■ Work item: Copy, from the data below, every line that has "sketch" in it.

■ Exercise input:
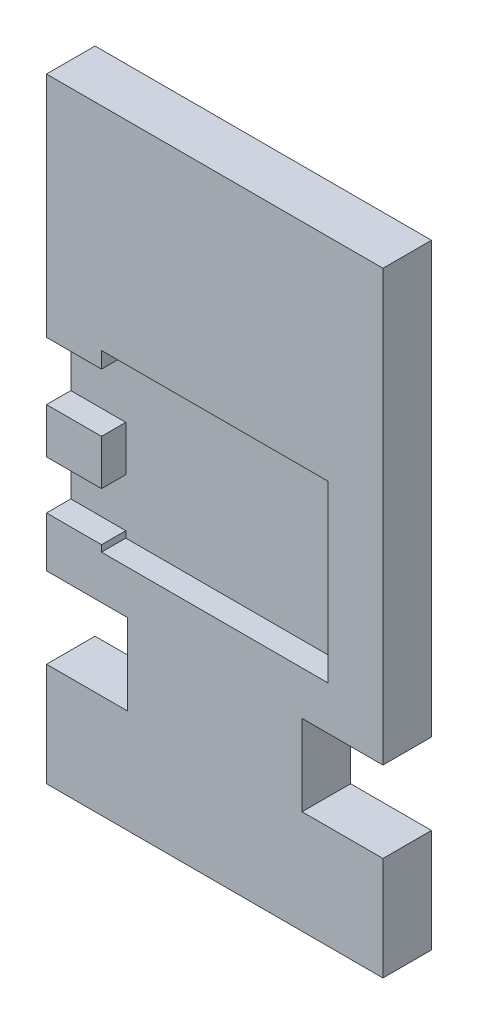
SolidWorks part; units mm, degrees
ref_plane "Front Plane" through (0, 0, 0) normal (0, 0, 1) x (1, 0, 0)
ref_plane "Top Plane" through (0, 0, 0) normal (0, 1, 0) x (1, 0, 0)
ref_plane "Right Plane" through (0, 0, 0) normal (1, 0, 0) x (0, 0, -1)
sketch "Sketch1" plane through (0, 0, 0) normal (0, 0, 1) x (1, 0, 0)
  line L1 (0, 0) -> (52, 0)
  line L2 (0, 0) -> (0, 190)
  line L3 (0, 190) -> (52, 190)
  line L4 (52, 0) -> (52, 190)
  dimension "D1" = 190
  dimension "D2" = 52
extrude "Boss-Extrude1" add sketch "Sketch1" along normal blind 15
sketch "Sketch2" plane through (0, 0, 15) normal (0, 0, 1) x (1, 0, 0)
  line L6 (52, 0) -> (52, 190) construction
  line L11 (52, 124.5) -> (17, 124.5)
  line L12 (52, 124.5) -> (52, 70.5)
  line L13 (52, 70.5) -> (17, 70.5)
  line L14 (17, 124.5) -> (17, 70.5)
  dimension "D6" = 54
  dimension "D7" = 35
extrude "Cut-Extrude1" cut sketch "Sketch2" against normal blind 7.5
ref_plane "Plane1" through (52, 0, 0) normal (1, 0, 0) x (0, 0, -1)
sketch "Sketch4" plane through (0, 0, 0) normal (0, 0, -1) x (-1, 0, 0)
  line L1 (-70, 180) -> (-34, 180)
  line L2 (-70, 180) -> (-70, 133)
  line L3 (-70, 133) -> (-34, 133)
  line L4 (-34, 180) -> (-34, 133)
  line L5 (-52, 190) -> (0, 190) construction
  line L6 (0, 190) -> (0, 0) construction
  point P6 (-52, 180)
  dimension "D1" = 47
  dimension "D2" = 36
  dimension "D3" = 10
  dimension "D4" = 52
extrude "Cut-Extrude7" cut sketch "Sketch4" against normal blind 5
sketch "Sketch9" plane through (0, 0, 15) normal (0, 0, 1) x (1, 0, 0)
  line L0 (0, 190) -> (0, 0) construction
  line L1 (0, 57) -> (25, 57)
  line L2 (0, 57) -> (0, 32)
  line L3 (0, 32) -> (25, 32)
  line L4 (25, 57) -> (25, 32)
  line L5 (0, 0) -> (52, 0) construction
  dimension "D1" = 32
  dimension "D2" = 25
  dimension "D3" = 25
extrude "Cut-Extrude8" cut sketch "Sketch9" against normal through all
sketch "Sketch5" plane through (17, 0, 0) normal (1, 0, 0) x (0, 0, -1)
  line L0 (-15, 124.5) -> (-15, 70.5) construction
  line L1 (-15, 119.5) -> (-7.5, 119.5)
  line L2 (-15, 119.5) -> (-15, 72.5)
  line L3 (-15, 72.5) -> (-7.5, 72.5)
  line L4 (-7.5, 119.5) -> (-7.5, 72.5)
  line L5 (-7.5, 124.5) -> (-7.5, 70.5) construction
  line L6 (-7.5, 70.5) -> (-15, 70.5) construction
  line L7 (-7.5, 124.5) -> (-15, 124.5) construction
  line L9 (-15, 101.5) -> (-7.5, 101.5)
  line L10 (-15, 101.5) -> (-15, 87.5)
  line L11 (-15, 87.5) -> (-7.5, 87.5)
  line L12 (-7.5, 101.5) -> (-7.5, 87.5)
  line M3 (-15, 124.5) -> (-15, 70.5)
  line M5 (-7.5, 70.5) -> (-7.5, 124.5)
  dimension "D1" = 2
  dimension "D2" = 5
  dimension "D3" = 18
  dimension "D4" = 15
extrude "Cut-Extrude5" cut sketch "Sketch5" against normal blind 20 contours L9 L4 L1 M3 | L11 L3 M3 M5
mirror "Mirror4" about plane through (52, 0, 0) normal (1, 0, 0) of "Boss-Extrude1", "Cut-Extrude1", "Cut-Extrude7", "Cut-Extrude8"

■ Result of this exercise:
sketch "Sketch1" plane through (0, 0, 0) normal (0, 0, 1) x (1, 0, 0)
extrude "Boss-Extrude1" add sketch "Sketch1" along normal blind 15
sketch "Sketch2" plane through (0, 0, 15) normal (0, 0, 1) x (1, 0, 0)
extrude "Cut-Extrude1" cut sketch "Sketch2" against normal blind 7.5
sketch "Sketch4" plane through (0, 0, 0) normal (0, 0, -1) x (-1, 0, 0)
extrude "Cut-Extrude7" cut sketch "Sketch4" against normal blind 5
sketch "Sketch9" plane through (0, 0, 15) normal (0, 0, 1) x (1, 0, 0)
extrude "Cut-Extrude8" cut sketch "Sketch9" against normal through all
sketch "Sketch5" plane through (17, 0, 0) normal (1, 0, 0) x (0, 0, -1)
extrude "Cut-Extrude5" cut sketch "Sketch5" against normal blind 20 contours L9 L4 L1 M3 | L11 L3 M3 M5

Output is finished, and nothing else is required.